Collected data entries
####
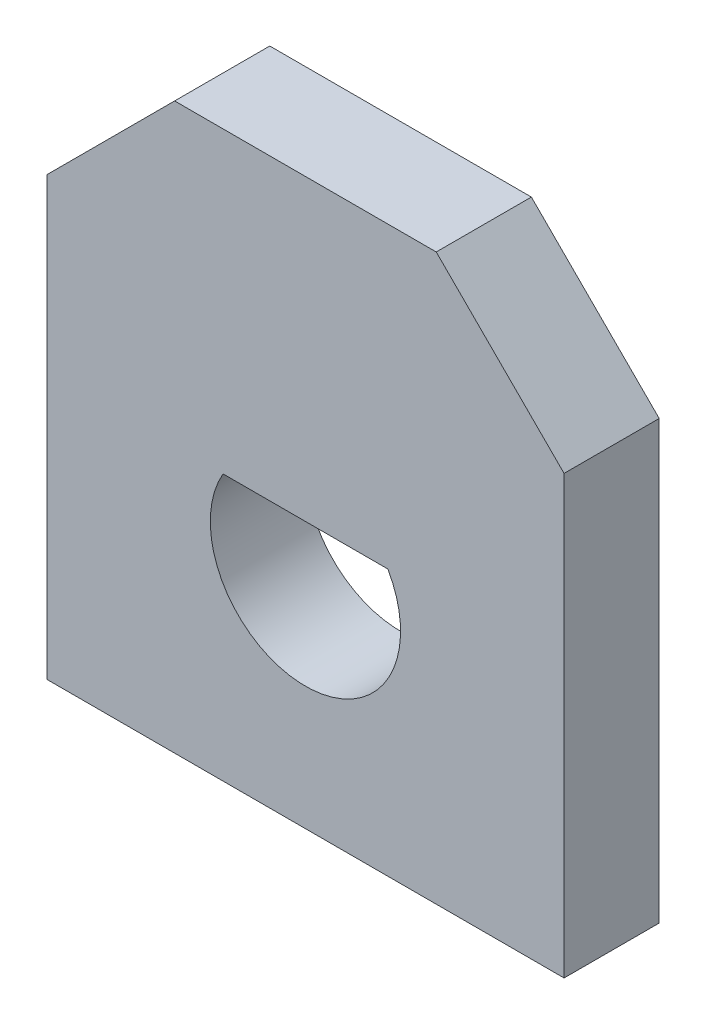
ISO-10303-21;
HEADER;
FILE_DESCRIPTION(('STEP AP214'),'2;1');
FILE_NAME('part.step','',(''),(''),'','','');
FILE_SCHEMA(('AUTOMOTIVE_DESIGN { 1 0 10303 214 1 1 1 1 }'));
ENDSEC;
DATA;
#1=APPLICATION_CONTEXT('core data for automotive mechanical design processes');
#2=APPLICATION_PROTOCOL_DEFINITION('international standard','automotive_design',2000,#1);
#3=PRODUCT_CONTEXT('',#1,'mechanical');
#4=PRODUCT('Part','Part','',(#3));
#5=PRODUCT_RELATED_PRODUCT_CATEGORY('part','',(#4));
#6=PRODUCT_DEFINITION_FORMATION('','',#4);
#7=PRODUCT_DEFINITION_CONTEXT('part definition',#1,'design');
#8=PRODUCT_DEFINITION('design','',#6,#7);
#9=PRODUCT_DEFINITION_SHAPE('','',#8);
#10=(LENGTH_UNIT() NAMED_UNIT(*) SI_UNIT(.MILLI.,.METRE.));
#11=(NAMED_UNIT(*) PLANE_ANGLE_UNIT() SI_UNIT($,.RADIAN.));
#12=(NAMED_UNIT(*) SI_UNIT($,.STERADIAN.) SOLID_ANGLE_UNIT());
#13=UNCERTAINTY_MEASURE_WITH_UNIT(LENGTH_MEASURE(1.E-05),#10,'distance_accuracy_value','');
#14=(GEOMETRIC_REPRESENTATION_CONTEXT(3) GLOBAL_UNCERTAINTY_ASSIGNED_CONTEXT((#13)) GLOBAL_UNIT_ASSIGNED_CONTEXT((#10,
#11,#12)) REPRESENTATION_CONTEXT('',''));
#15=CARTESIAN_POINT('',(0.,0.,0.));
#16=DIRECTION('',(0.,0.,1.));
#17=DIRECTION('',(1.,0.,0.));
#18=AXIS2_PLACEMENT_3D('',#15,#16,#17);
#19=CARTESIAN_POINT('',(5.5245,-11.501146748355,2.032));
#20=DIRECTION('',(1.,0.,0.));
#21=DIRECTION('',(0.,1.,0.));
#22=AXIS2_PLACEMENT_3D('',#19,#20,#21);
#23=PLANE('',#22);
#24=DIRECTION('',(0.,-1.,0.));
#25=VECTOR('',#24,1.);
#26=CARTESIAN_POINT('',(5.5245,-11.501146748355,0.));
#27=LINE('',#26,#25);
#28=CARTESIAN_POINT('',(5.5245,4.66725,0.));
#29=VERTEX_POINT('',#28);
#30=CARTESIAN_POINT('',(5.5245,-4.66724999999999,0.));
#31=VERTEX_POINT('',#30);
#32=EDGE_CURVE('E143',#29,#31,#27,.T.);
#33=ORIENTED_EDGE('',*,*,#32,.F.);
#34=DIRECTION('',(0.,0.,-1.));
#35=VECTOR('',#34,1.);
#36=CARTESIAN_POINT('',(5.5245,4.66725,2.032));
#37=LINE('',#36,#35);
#38=CARTESIAN_POINT('',(5.5245,4.66725,2.032));
#39=VERTEX_POINT('',#38);
#40=EDGE_CURVE('E11',#39,#29,#37,.T.);
#41=ORIENTED_EDGE('',*,*,#40,.F.);
#42=DIRECTION('',(0.,-1.,0.));
#43=VECTOR('',#42,1.);
#44=CARTESIAN_POINT('',(5.5245,-11.501146748355,2.032));
#45=LINE('',#44,#43);
#46=CARTESIAN_POINT('',(5.5245,-4.66724999999999,2.032));
#47=VERTEX_POINT('',#46);
#48=EDGE_CURVE('E199',#39,#47,#45,.T.);
#49=ORIENTED_EDGE('',*,*,#48,.T.);
#50=DIRECTION('',(0.,0.,-1.));
#51=VECTOR('',#50,1.);
#52=CARTESIAN_POINT('',(5.5245,-4.66724999999999,2.032));
#53=LINE('',#52,#51);
#54=EDGE_CURVE('E86',#47,#31,#53,.T.);
#55=ORIENTED_EDGE('',*,*,#54,.T.);
#56=EDGE_LOOP('',(#33,#41,#49,#55));
#57=FACE_BOUND('',#56,.T.);
#58=ADVANCED_FACE('F32',(#57),#23,.T.);
#59=CARTESIAN_POINT('',(10.8464483741775,-0.654698374177521,2.032));
#60=DIRECTION('',(0.707106781186549,0.707106781186546,0.));
#61=DIRECTION('',(-0.707106781186546,0.707106781186549,0.));
#62=AXIS2_PLACEMENT_3D('',#59,#60,#61);
#63=PLANE('',#62);
#64=DIRECTION('',(0.707106781186546,-0.707106781186549,0.));
#65=VECTOR('',#64,1.);
#66=CARTESIAN_POINT('',(10.8464483741775,-0.654698374177521,0.));
#67=LINE('',#66,#65);
#68=CARTESIAN_POINT('',(2.794,7.39775000000001,0.));
#69=VERTEX_POINT('',#68);
#70=EDGE_CURVE('E145',#69,#29,#67,.T.);
#71=ORIENTED_EDGE('',*,*,#70,.F.);
#72=DIRECTION('',(0.,0.,-1.));
#73=VECTOR('',#72,1.);
#74=CARTESIAN_POINT('',(2.794,7.39775000000001,2.032));
#75=LINE('',#74,#73);
#76=CARTESIAN_POINT('',(2.794,7.39775000000001,2.032));
#77=VERTEX_POINT('',#76);
#78=EDGE_CURVE('E42',#77,#69,#75,.T.);
#79=ORIENTED_EDGE('',*,*,#78,.F.);
#80=DIRECTION('',(0.707106781186546,-0.707106781186549,0.));
#81=VECTOR('',#80,1.);
#82=CARTESIAN_POINT('',(10.8464483741775,-0.654698374177521,2.032));
#83=LINE('',#82,#81);
#84=EDGE_CURVE('E131',#77,#39,#83,.T.);
#85=ORIENTED_EDGE('',*,*,#84,.T.);
#86=ORIENTED_EDGE('',*,*,#40,.T.);
#87=EDGE_LOOP('',(#71,#79,#85,#86));
#88=FACE_BOUND('',#87,.T.);
#89=ADVANCED_FACE('F175',(#88),#63,.T.);
#90=CARTESIAN_POINT('',(0.,7.39775000000001,2.032));
#91=DIRECTION('',(0.,1.,0.));
#92=DIRECTION('',(0.,0.,1.));
#93=AXIS2_PLACEMENT_3D('',#90,#91,#92);
#94=PLANE('',#93);
#95=DIRECTION('',(1.,0.,0.));
#96=VECTOR('',#95,1.);
#97=CARTESIAN_POINT('',(0.,7.39775000000001,0.));
#98=LINE('',#97,#96);
#99=CARTESIAN_POINT('',(-2.794,7.39775000000001,0.));
#100=VERTEX_POINT('',#99);
#101=EDGE_CURVE('E148',#100,#69,#98,.T.);
#102=ORIENTED_EDGE('',*,*,#101,.F.);
#103=DIRECTION('',(0.,0.,-1.));
#104=VECTOR('',#103,1.);
#105=CARTESIAN_POINT('',(-2.794,7.39775000000001,2.032));
#106=LINE('',#105,#104);
#107=CARTESIAN_POINT('',(-2.794,7.39775000000001,2.032));
#108=VERTEX_POINT('',#107);
#109=EDGE_CURVE('E118',#108,#100,#106,.T.);
#110=ORIENTED_EDGE('',*,*,#109,.F.);
#111=DIRECTION('',(1.,0.,0.));
#112=VECTOR('',#111,1.);
#113=CARTESIAN_POINT('',(0.,7.39775000000001,2.032));
#114=LINE('',#113,#112);
#115=EDGE_CURVE('E129',#108,#77,#114,.T.);
#116=ORIENTED_EDGE('',*,*,#115,.T.);
#117=ORIENTED_EDGE('',*,*,#78,.T.);
#118=EDGE_LOOP('',(#102,#110,#116,#117));
#119=FACE_BOUND('',#118,.T.);
#120=ADVANCED_FACE('F180',(#119),#94,.T.);
#121=CARTESIAN_POINT('',(-10.8464483741775,-0.654698374177511,2.032));
#122=DIRECTION('',(-0.707106781186549,0.707106781186546,0.));
#123=DIRECTION('',(-0.707106781186546,-0.707106781186549,0.));
#124=AXIS2_PLACEMENT_3D('',#121,#122,#123);
#125=PLANE('',#124);
#126=DIRECTION('',(0.707106781186546,0.707106781186549,0.));
#127=VECTOR('',#126,1.);
#128=CARTESIAN_POINT('',(-10.8464483741775,-0.654698374177511,0.));
#129=LINE('',#128,#127);
#130=CARTESIAN_POINT('',(-5.5245,4.66725,0.));
#131=VERTEX_POINT('',#130);
#132=EDGE_CURVE('E115',#131,#100,#129,.T.);
#133=ORIENTED_EDGE('',*,*,#132,.F.);
#134=DIRECTION('',(0.,0.,-1.));
#135=VECTOR('',#134,1.);
#136=CARTESIAN_POINT('',(-5.5245,4.66725,2.032));
#137=LINE('',#136,#135);
#138=CARTESIAN_POINT('',(-5.5245,4.66725,2.032));
#139=VERTEX_POINT('',#138);
#140=EDGE_CURVE('E109',#139,#131,#137,.T.);
#141=ORIENTED_EDGE('',*,*,#140,.F.);
#142=DIRECTION('',(0.707106781186546,0.707106781186549,0.));
#143=VECTOR('',#142,1.);
#144=CARTESIAN_POINT('',(-10.8464483741775,-0.654698374177511,2.032));
#145=LINE('',#144,#143);
#146=EDGE_CURVE('E113',#139,#108,#145,.T.);
#147=ORIENTED_EDGE('',*,*,#146,.T.);
#148=ORIENTED_EDGE('',*,*,#109,.T.);
#149=EDGE_LOOP('',(#133,#141,#147,#148));
#150=FACE_BOUND('',#149,.T.);
#151=ADVANCED_FACE('F111',(#150),#125,.T.);
#152=CARTESIAN_POINT('',(-5.5245,-11.501146748355,2.032));
#153=DIRECTION('',(1.,0.,0.));
#154=DIRECTION('',(0.,0.,-1.));
#155=AXIS2_PLACEMENT_3D('',#152,#153,#154);
#156=PLANE('',#155);
#157=DIRECTION('',(0.,-1.,0.));
#158=VECTOR('',#157,1.);
#159=CARTESIAN_POINT('',(-5.5245,-11.501146748355,0.));
#160=LINE('',#159,#158);
#161=CARTESIAN_POINT('',(-5.5245,-4.66724999999999,0.));
#162=VERTEX_POINT('',#161);
#163=EDGE_CURVE('E152',#131,#162,#160,.T.);
#164=ORIENTED_EDGE('',*,*,#163,.T.);
#165=DIRECTION('',(0.,0.,-1.));
#166=VECTOR('',#165,1.);
#167=CARTESIAN_POINT('',(-5.5245,-4.66724999999999,2.032));
#168=LINE('',#167,#166);
#169=CARTESIAN_POINT('',(-5.5245,-4.66724999999999,2.032));
#170=VERTEX_POINT('',#169);
#171=EDGE_CURVE('E119',#170,#162,#168,.T.);
#172=ORIENTED_EDGE('',*,*,#171,.F.);
#173=DIRECTION('',(0.,-1.,0.));
#174=VECTOR('',#173,1.);
#175=CARTESIAN_POINT('',(-5.5245,-11.501146748355,2.032));
#176=LINE('',#175,#174);
#177=EDGE_CURVE('E122',#139,#170,#176,.T.);
#178=ORIENTED_EDGE('',*,*,#177,.F.);
#179=ORIENTED_EDGE('',*,*,#140,.T.);
#180=EDGE_LOOP('',(#164,#172,#178,#179));
#181=FACE_BOUND('',#180,.T.);
#182=ADVANCED_FACE('F123',(#181),#156,.F.);
#183=CARTESIAN_POINT('',(0.,0.,2.032));
#184=DIRECTION('',(0.,0.,-1.));
#185=DIRECTION('',(-1.,0.,0.));
#186=AXIS2_PLACEMENT_3D('',#183,#184,#185);
#187=CYLINDRICAL_SURFACE('',#186,2.032);
#188=CARTESIAN_POINT('',(0.,0.,0.));
#189=DIRECTION('',(0.,0.,1.));
#190=DIRECTION('',(1.,0.,0.));
#191=AXIS2_PLACEMENT_3D('',#188,#189,#190);
#192=CIRCLE('',#191,2.032);
#193=CARTESIAN_POINT('',(-1.75976362048998,1.016,0.));
#194=VERTEX_POINT('',#193);
#195=CARTESIAN_POINT('',(1.75976362048998,1.016,0.));
#196=VERTEX_POINT('',#195);
#197=EDGE_CURVE('E137',#194,#196,#192,.T.);
#198=ORIENTED_EDGE('',*,*,#197,.F.);
#199=DIRECTION('',(0.,0.,-1.));
#200=VECTOR('',#199,1.);
#201=CARTESIAN_POINT('',(-1.75976362048998,1.016,2.032));
#202=LINE('',#201,#200);
#203=CARTESIAN_POINT('',(-1.75976362048998,1.016,2.032));
#204=VERTEX_POINT('',#203);
#205=EDGE_CURVE('E36',#204,#194,#202,.T.);
#206=ORIENTED_EDGE('',*,*,#205,.F.);
#207=CARTESIAN_POINT('',(0.,0.,2.032));
#208=DIRECTION('',(0.,0.,1.));
#209=DIRECTION('',(1.,0.,0.));
#210=AXIS2_PLACEMENT_3D('',#207,#208,#209);
#211=CIRCLE('',#210,2.032);
#212=CARTESIAN_POINT('',(1.75976362048998,1.016,2.032));
#213=VERTEX_POINT('',#212);
#214=EDGE_CURVE('E155',#204,#213,#211,.T.);
#215=ORIENTED_EDGE('',*,*,#214,.T.);
#216=DIRECTION('',(0.,0.,-1.));
#217=VECTOR('',#216,1.);
#218=CARTESIAN_POINT('',(1.75976362048998,1.016,2.032));
#219=LINE('',#218,#217);
#220=EDGE_CURVE('E136',#213,#196,#219,.T.);
#221=ORIENTED_EDGE('',*,*,#220,.T.);
#222=EDGE_LOOP('',(#198,#206,#215,#221));
#223=FACE_BOUND('',#222,.T.);
#224=ADVANCED_FACE('F34',(#223),#187,.F.);
#225=CARTESIAN_POINT('',(0.,1.016,2.032));
#226=DIRECTION('',(0.,1.,0.));
#227=DIRECTION('',(0.,0.,1.));
#228=AXIS2_PLACEMENT_3D('',#225,#226,#227);
#229=PLANE('',#228);
#230=DIRECTION('',(1.,0.,0.));
#231=VECTOR('',#230,1.);
#232=CARTESIAN_POINT('',(0.,1.016,0.));
#233=LINE('',#232,#231);
#234=EDGE_CURVE('E140',#194,#196,#233,.T.);
#235=ORIENTED_EDGE('',*,*,#234,.T.);
#236=ORIENTED_EDGE('',*,*,#220,.F.);
#237=DIRECTION('',(1.,0.,0.));
#238=VECTOR('',#237,1.);
#239=CARTESIAN_POINT('',(0.,1.016,2.032));
#240=LINE('',#239,#238);
#241=EDGE_CURVE('E163',#204,#213,#240,.T.);
#242=ORIENTED_EDGE('',*,*,#241,.F.);
#243=ORIENTED_EDGE('',*,*,#205,.T.);
#244=EDGE_LOOP('',(#235,#236,#242,#243));
#245=FACE_BOUND('',#244,.T.);
#246=ADVANCED_FACE('F162',(#245),#229,.F.);
#247=CARTESIAN_POINT('',(0.,-4.66724999999999,2.032));
#248=DIRECTION('',(0.,1.,0.));
#249=DIRECTION('',(0.,0.,1.));
#250=AXIS2_PLACEMENT_3D('',#247,#248,#249);
#251=PLANE('',#250);
#252=DIRECTION('',(1.,0.,0.));
#253=VECTOR('',#252,1.);
#254=CARTESIAN_POINT('',(0.,-4.66724999999999,0.));
#255=LINE('',#254,#253);
#256=EDGE_CURVE('E79',#162,#31,#255,.T.);
#257=ORIENTED_EDGE('',*,*,#256,.T.);
#258=ORIENTED_EDGE('',*,*,#54,.F.);
#259=DIRECTION('',(1.,0.,0.));
#260=VECTOR('',#259,1.);
#261=CARTESIAN_POINT('',(0.,-4.66724999999999,2.032));
#262=LINE('',#261,#260);
#263=EDGE_CURVE('E51',#170,#47,#262,.T.);
#264=ORIENTED_EDGE('',*,*,#263,.F.);
#265=ORIENTED_EDGE('',*,*,#171,.T.);
#266=EDGE_LOOP('',(#257,#258,#264,#265));
#267=FACE_BOUND('',#266,.T.);
#268=ADVANCED_FACE('F172',(#267),#251,.F.);
#269=CARTESIAN_POINT('',(0.,-11.501146748355,2.032));
#270=DIRECTION('',(0.,0.,1.));
#271=DIRECTION('',(1.,0.,0.));
#272=AXIS2_PLACEMENT_3D('',#269,#270,#271);
#273=PLANE('',#272);
#274=ORIENTED_EDGE('',*,*,#214,.F.);
#275=ORIENTED_EDGE('',*,*,#241,.T.);
#276=EDGE_LOOP('',(#274,#275));
#277=FACE_BOUND('',#276,.T.);
#278=ORIENTED_EDGE('',*,*,#48,.F.);
#279=ORIENTED_EDGE('',*,*,#84,.F.);
#280=ORIENTED_EDGE('',*,*,#115,.F.);
#281=ORIENTED_EDGE('',*,*,#146,.F.);
#282=ORIENTED_EDGE('',*,*,#177,.T.);
#283=ORIENTED_EDGE('',*,*,#263,.T.);
#284=EDGE_LOOP('',(#278,#279,#280,#281,#282,#283));
#285=FACE_BOUND('',#284,.T.);
#286=ADVANCED_FACE('F126',(#277,#285),#273,.T.);
#287=CARTESIAN_POINT('',(0.,-11.501146748355,0.));
#288=DIRECTION('',(0.,0.,1.));
#289=DIRECTION('',(1.,0.,0.));
#290=AXIS2_PLACEMENT_3D('',#287,#288,#289);
#291=PLANE('',#290);
#292=ORIENTED_EDGE('',*,*,#197,.T.);
#293=ORIENTED_EDGE('',*,*,#234,.F.);
#294=EDGE_LOOP('',(#292,#293));
#295=FACE_BOUND('',#294,.T.);
#296=ORIENTED_EDGE('',*,*,#32,.T.);
#297=ORIENTED_EDGE('',*,*,#256,.F.);
#298=ORIENTED_EDGE('',*,*,#163,.F.);
#299=ORIENTED_EDGE('',*,*,#132,.T.);
#300=ORIENTED_EDGE('',*,*,#101,.T.);
#301=ORIENTED_EDGE('',*,*,#70,.T.);
#302=EDGE_LOOP('',(#296,#297,#298,#299,#300,#301));
#303=FACE_BOUND('',#302,.T.);
#304=ADVANCED_FACE('F166',(#295,#303),#291,.F.);
#305=CLOSED_SHELL('',(#58,#89,#120,#151,#182,#224,#246,#268,#286,#304));
#306=MANIFOLD_SOLID_BREP('B2',#305);
#307=ADVANCED_BREP_SHAPE_REPRESENTATION('',(#18,#306),#14);
#308=SHAPE_DEFINITION_REPRESENTATION(#9,#307);
ENDSEC;
END-ISO-10303-21;
####
Only the lines above from the line containing "#38=CARTESIAN_POINT('',(5.5245,4.66725,2.032));" through the line containing "#74=CARTESIAN_POINT('',(2.794,7.39775000000001,2.032));" should be retyped, exactly and with both ends included.

YOUR RESPONSE:
#38=CARTESIAN_POINT('',(5.5245,4.66725,2.032));
#39=VERTEX_POINT('',#38);
#40=EDGE_CURVE('E11',#39,#29,#37,.T.);
#41=ORIENTED_EDGE('',*,*,#40,.F.);
#42=DIRECTION('',(0.,-1.,0.));
#43=VECTOR('',#42,1.);
#44=CARTESIAN_POINT('',(5.5245,-11.501146748355,2.032));
#45=LINE('',#44,#43);
#46=CARTESIAN_POINT('',(5.5245,-4.66724999999999,2.032));
#47=VERTEX_POINT('',#46);
#48=EDGE_CURVE('E199',#39,#47,#45,.T.);
#49=ORIENTED_EDGE('',*,*,#48,.T.);
#50=DIRECTION('',(0.,0.,-1.));
#51=VECTOR('',#50,1.);
#52=CARTESIAN_POINT('',(5.5245,-4.66724999999999,2.032));
#53=LINE('',#52,#51);
#54=EDGE_CURVE('E86',#47,#31,#53,.T.);
#55=ORIENTED_EDGE('',*,*,#54,.T.);
#56=EDGE_LOOP('',(#33,#41,#49,#55));
#57=FACE_BOUND('',#56,.T.);
#58=ADVANCED_FACE('F32',(#57),#23,.T.);
#59=CARTESIAN_POINT('',(10.8464483741775,-0.654698374177521,2.032));
#60=DIRECTION('',(0.707106781186549,0.707106781186546,0.));
#61=DIRECTION('',(-0.707106781186546,0.707106781186549,0.));
#62=AXIS2_PLACEMENT_3D('',#59,#60,#61);
#63=PLANE('',#62);
#64=DIRECTION('',(0.707106781186546,-0.707106781186549,0.));
#65=VECTOR('',#64,1.);
#66=CARTESIAN_POINT('',(10.8464483741775,-0.654698374177521,0.));
#67=LINE('',#66,#65);
#68=CARTESIAN_POINT('',(2.794,7.39775000000001,0.));
#69=VERTEX_POINT('',#68);
#70=EDGE_CURVE('E145',#69,#29,#67,.T.);
#71=ORIENTED_EDGE('',*,*,#70,.F.);
#72=DIRECTION('',(0.,0.,-1.));
#73=VECTOR('',#72,1.);
#74=CARTESIAN_POINT('',(2.794,7.39775000000001,2.032));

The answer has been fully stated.